Is there a possibility to make a pivot for different columns at once in PySpark? I have a dataframe like this:
from pyspark.sql import functions as sf
import pandas as pd
sdf = spark.createDataFrame(
pd.DataFrame([[1, 'str1', 'str4'], [1, 'str1', 'str4'], [1, 'str2', 'str4'], [1, 'str2', 'str5'],
[1, 'str3', 'str5'], [2, 'str2', 'str4'], [2, 'str2', 'str4'], [2, 'str3', 'str4'],
[2, 'str3', 'str5']], columns=['id', 'col1', 'col2'])
)
# +----+------+------+
# | id | col1 | col2 |
# +----+------+------+
# | 1 | str1 | str4 |
# | 1 | str1 | str4 |
# | 1 | str2 | str4 |
# | 1 | str2 | str5 |
# | 1 | str3 | str5 |
# | 2 | str2 | str4 |
# | 2 | str2 | str4 |
# | 2 | str3 | str4 |
# | 2 | str3 | str5 |
# +----+------+------+
I want to pivot it on multiple columns ("col1", "col2", ...) to have a dataframe that looks like this:
+----+-----------+-----------+-----------+-----------+-----------+
| id | col1_str1 | col1_str2 | col1_str3 | col2_str4 | col2_str5 |
+----+-----------+-----------+-----------+-----------+-----------+
| 1 | 2 | 2 | 1 | 3 | 3 |
| 2 | 0 | 2 | 2 | 3 | 1 |
+----+-----------+-----------+-----------+-----------+-----------+
I've found a solution that works:
sdf_pivot_col1 = (
sdf
.groupby('id')
.pivot('col1')
.agg(sf.count('id'))
)
sdf_pivot_col2 = (
sdf
.groupby('id')
.pivot('col2')
.agg(sf.count('id'))
)
sdf_result = (
sdf
.select('id').distinct()
.join(sdf_pivot_col1, on = 'id' , how = 'left')
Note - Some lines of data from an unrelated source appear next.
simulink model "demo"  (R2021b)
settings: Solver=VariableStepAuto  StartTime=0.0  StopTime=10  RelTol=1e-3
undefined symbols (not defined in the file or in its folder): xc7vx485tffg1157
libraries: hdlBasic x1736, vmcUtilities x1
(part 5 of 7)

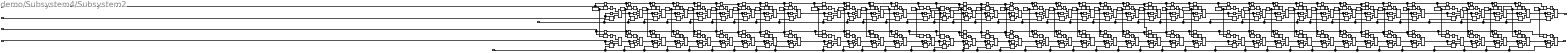
== system demo/Subsystem4/Subsystem2 ==
  note: 110
  note: 125
  note: 120
  note: 100
  note: 90
  In1 : Inport
  In2 : Inport  Port=2
  In3 : Inport  Port=3
  In4 : Inport  Port=4
  In5 : Inport  Port=5
  In6 : Inport  Port=6
  AddSub{102,104,113,138,140,164..171,184..190,192..193,195..200,205..207,209..211,236,238,249..250,252,254..258,261..269,271..280,282..291,293..299} (80 alike) : hdlBasic/AddSub  mode=Addition  use_carryin=off  use_carryout=off  en=off  latency=1  precision=User Defined  arith_type="Signed  (2's comp)"  n_bits=32  bin_pt=0  quantization=Truncate  overflow=Wrap  use_behavioral_HDL=off  hw_selection=Fabric  pipelined=off  XmcBlockStatus=1  maskContainerNames=tabcontainer1  block_type=addsub  block_config=sysgen:Addsub_config
  Delay{231..234,390..392,394,396..398,400,406..407,410..412,414,416..418,421,423,426..427,430..431,435,438,440,442..443,488,490..491,493..494,498..499,501..502,504..505,508..510,512..513,515..516,521..522,524..525,527,529,611..614,624..625,636..637,639..640,655..656,658..659,661..662,677..678,680..681,683..686,688,690..692,694,696..697,700..701,703..706,708,710..713,715,717,720..721,724..725,727,729,731..732,734,736..737,742..743,746..747,749..750,752..753,755,757,759..760,762..763,766,768,770..771,773..774,776..777,779,781..782,784..785,787..788,792..793,795..796,798..799,802..804,806..807,809..810,813,815..816,818..819,821,823} (160 alike) : hdlBasic/Delay  rst=off  en=off  latency=1  reg_retiming=off  XmcBlockStatus=1  maskContainerNames=group1  block_type=delay  block_config=sysgen:Delay_config
  Delay{395,399,405,408,415,420,424,428,432,436,441,444,489,492,496..497,500,503,507,511,514,518,520,523,526,530,635,638,657,660,679,682,689,693,695,699,702,709,714,718..719,722,726,730,735,738..739,741,744,748,751,754,758,761,764..765,769,772,775,780,783,786,790..791,794,797,801,805,808,812,814,817,820,824} (74 alike) : hdlBasic/Delay  rst=off  en=off  latency=2  reg_retiming=off  XmcBlockStatus=1  maskContainerNames=group1  block_type=delay  block_config=sysgen:Delay_config
  Mux{137..138,159..160,162..169,181..182,184..189,191..193,195..197,199..200,204..207,237..238,247..249,254..260,262..271,273..282,284..293,295..300} (80 alike) : hdlBasic/Mux  inputs=2  en=off  latency=1  precision=Full  arith_type=Unsigned  n_bits=16  bin_pt=14  quantization=Truncate  overflow=Wrap  XmcBlockStatus=1  maskContainerNames=tabcontainer1  block_type=mux  block_config=sysgen:Mux_config
  Relational{101,138..139,164..173,184,186..191,193..195,197..200,202..208,210,238..239,250,253,258..262,264..273,275..284,286..295,297..302} (80 alike) : hdlBasic/Relational  mode=a>=b  op_type=Bool  en=off  latency=1  XmcBlockStatus=1  maskContainerNames=tabcontainer1  block_type=relational  block_config=sysgen:Relational_config
  logi_b100 : hdlBasic/Constant  const=0.6129032258064516236473195931466761976480484008789062500  gui_display_data_type=Floating-point  arith_type=Floating-point  n_bits=8  bin_pt=8  preci_type=Double  exp_width=8  frac_width=24  explicit_period=on  period=1  XmcBlockStatus=1  maskContainerNames=tabcontainer1  block_type=constant  block_config=sysgen:Constant_config
  logi_b101 : hdlBasic/Constant  const=0.6290322580645161254508934689511079341173171997070312500  gui_display_data_type=Floating-point  arith_type=Floating-point  n_bits=8  bin_pt=8  preci_type=Double  exp_width=8  frac_width=24  explicit_period=on  period=1  XmcBlockStatus=1  maskContainerNames=tabcontainer1  block_type=constant  block_config=sysgen:Constant_config
  logi_b102 : hdlBasic/Constant  const=0.6451612903225806272544673447555396705865859985351562500  gui_display_data_type=Floating-point  arith_type=Floating-point  n_bits=8  bin_pt=8  preci_type=Double  exp_width=8  frac_width=24  explicit_period=on  period=1  XmcBlockStatus=1  maskContainerNames=tabcontainer1  block_type=constant  block_config=sysgen:Constant_config
  logi_b103 : hdlBasic/Constant  const=0.6612903225806451290580412205599714070558547973632812500  gui_display_data_type=Floating-point  arith_type=Floating-point  n_bits=8  bin_pt=8  preci_type=Double  exp_width=8  frac_width=24  explicit_period=on  period=1  XmcBlockStatus=1  maskContainerNames=tabcontainer1  block_type=constant  block_config=sysgen:Constant_config
  logi_b104 : hdlBasic/Constant  const=0.6774193548387096308616150963644031435251235961914062500  gui_display_data_type=Floating-point  arith_type=Floating-point  n_bits=8  bin_pt=8  preci_type=Double  exp_width=8  frac_width=24  explicit_period=on  period=1  XmcBlockStatus=1  maskContainerNames=tabcontainer1  block_type=constant  block_config=sysgen:Constant_config
  logi_b105 : hdlBasic/Constant  const=0.6935483870967741326651889721688348799943923950195312500  gui_display_data_type=Floating-point  arith_type=Floating-point  n_bits=8  bin_pt=8  preci_type=Double  exp_width=8  frac_width=24  explicit_period=on  period=1  XmcBlockStatus=1  maskContainerNames=tabcontainer1  block_type=constant  block_config=sysgen:Constant_config
  logi_b106 : hdlBasic/Constant  const=0.7096774193548387454910653104889206588268280029296875000  gui_display_data_type=Floating-point  arith_type=Floating-point  n_bits=8  bin_pt=8  preci_type=Double  exp_width=8  frac_width=24  explicit_period=on  period=1  XmcBlockStatus=1  maskContainerNames=tabcontainer1  block_type=constant  block_config=sysgen:Constant_config
  logi_b107 : hdlBasic/Constant  const=0.7258064516129032472946391862933523952960968017578125000  gui_display_data_type=Floating-point  arith_type=Floating-point  n_bits=8  bin_pt=8  preci_type=Double  exp_width=8  frac_width=24  explicit_period=on  period=1  XmcBlockStatus=1  maskContainerNames=tabcontainer1  block_type=constant  block_config=sysgen:Constant_config
  logi_b108 : hdlBasic/Constant  const=0.7419354838709677490982130620977841317653656005859375000  gui_display_data_type=Floating-point  arith_type=Floating-point  n_bits=8  bin_pt=8  preci_type=Double  exp_width=8  frac_width=24  explicit_period=on  period=1  XmcBlockStatus=1  maskContainerNames=tabcontainer1  block_type=constant  block_config=sysgen:Constant_config
  logi_b109 : hdlBasic/Constant  const=0.7580645161290322509017869379022158682346343994140625000  gui_display_data_type=Floating-point  arith_type=Floating-point  n_bits=8  bin_pt=8  preci_type=Double  exp_width=8  frac_width=24  explicit_period=on  period=1  XmcBlockStatus=1  maskContainerNames=tabcontainer1  block_type=constant  block_config=sysgen:Constant_config
  logi_b110 : hdlBasic/Constant  const=0.7741935483870967527053608137066476047039031982421875000  gui_display_data_type=Floating-point  arith_type=Floating-point  n_bits=8  bin_pt=8  preci_type=Double  exp_width=8  frac_width=24  explicit_period=on  period=1  XmcBlockStatus=1  maskContainerNames=tabcontainer1  block_type=constant  block_config=sysgen:Constant_config
  logi_b111 : hdlBasic/Constant  const=0.7903225806451612545089346895110793411731719970703125000  gui_display_data_type=Floating-point  arith_type=Floating-point  n_bits=8  bin_pt=8  preci_type=Double  exp_width=8  frac_width=24  explicit_period=on  period=1  XmcBlockStatus=1  maskContainerNames=tabcontainer1  block_type=constant  block_config=sysgen:Constant_config
  logi_b112 : hdlBasic/Constant  const=0.8064516129032257563125085653155110776424407958984375000  gui_display_data_type=Floating-point  arith_type=Floating-point  n_bits=8  bin_pt=8  preci_type=Double  exp_width=8  frac_width=24  explicit_period=on  period=1  XmcBlockStatus=1  maskContainerNames=tabcontainer1  block_type=constant  block_config=sysgen:Constant_config
  logi_b113 : hdlBasic/Constant  const=0.8225806451612902581160824411199428141117095947265625000  gui_display_data_type=Floating-point  arith_type=Floating-point  n_bits=8  bin_pt=8  preci_type=Double  exp_width=8  frac_width=24  explicit_period=on  period=1  XmcBlockStatus=1  maskContainerNames=tabcontainer1  block_type=constant  block_config=sysgen:Constant_config
  logi_b114 : hdlBasic/Constant  const=0.8387096774193547599196563169243745505809783935546875000  gui_display_data_type=Floating-point  arith_type=Floating-point  n_bits=8  bin_pt=8  preci_type=Double  exp_width=8  frac_width=24  explicit_period=on  period=1  XmcBlockStatus=1  maskContainerNames=tabcontainer1  block_type=constant  block_config=sysgen:Constant_config
  logi_b115 : hdlBasic/Constant  const=0.8548387096774193727455326552444603294134140014648437500  gui_display_data_type=Floating-point  arith_type=Floating-point  n_bits=8  bin_pt=8  preci_type=Double  exp_width=8  frac_width=24  explicit_period=on  period=1  XmcBlockStatus=1  maskContainerNames=tabcontainer1  block_type=constant  block_config=sysgen:Constant_config
  logi_b116 : hdlBasic/Constant  const=0.8709677419354838745491065310488920658826828002929687500  gui_display_data_type=Floating-point  arith_type=Floating-point  n_bits=8  bin_pt=8  preci_type=Double  exp_width=8  frac_width=24  explicit_period=on  period=1  XmcBlockStatus=1  maskContainerNames=tabcontainer1  block_type=constant  block_config=sysgen:Constant_config
  logi_b117 : hdlBasic/Constant  const=0.8870967741935483763526804068533238023519515991210937500  gui_display_data_type=Floating-point  arith_type=Floating-point  n_bits=8  bin_pt=8  preci_type=Double  exp_width=8  frac_width=24  explicit_period=on  period=1  XmcBlockStatus=1  maskContainerNames=tabcontainer1  block_type=constant  block_config=sysgen:Constant_config
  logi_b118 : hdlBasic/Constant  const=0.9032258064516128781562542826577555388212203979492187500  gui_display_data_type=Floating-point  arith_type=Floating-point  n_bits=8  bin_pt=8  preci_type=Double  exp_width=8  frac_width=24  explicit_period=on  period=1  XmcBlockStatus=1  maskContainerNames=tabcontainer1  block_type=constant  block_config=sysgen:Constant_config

.join(sdf_pivot_col2, on = 'id' , how = 'left')
).show()
# +---+----+----+----+----+----+
# | id|str1|str2|str3|str4|str5|
# +---+----+----+----+----+----+
# | 1| 2| 2| 1| 3| 2|
# | 2|null| 2| 2| 3| 1|
# +---+----+----+----+----+----+
But I'm looking for a more compact solution.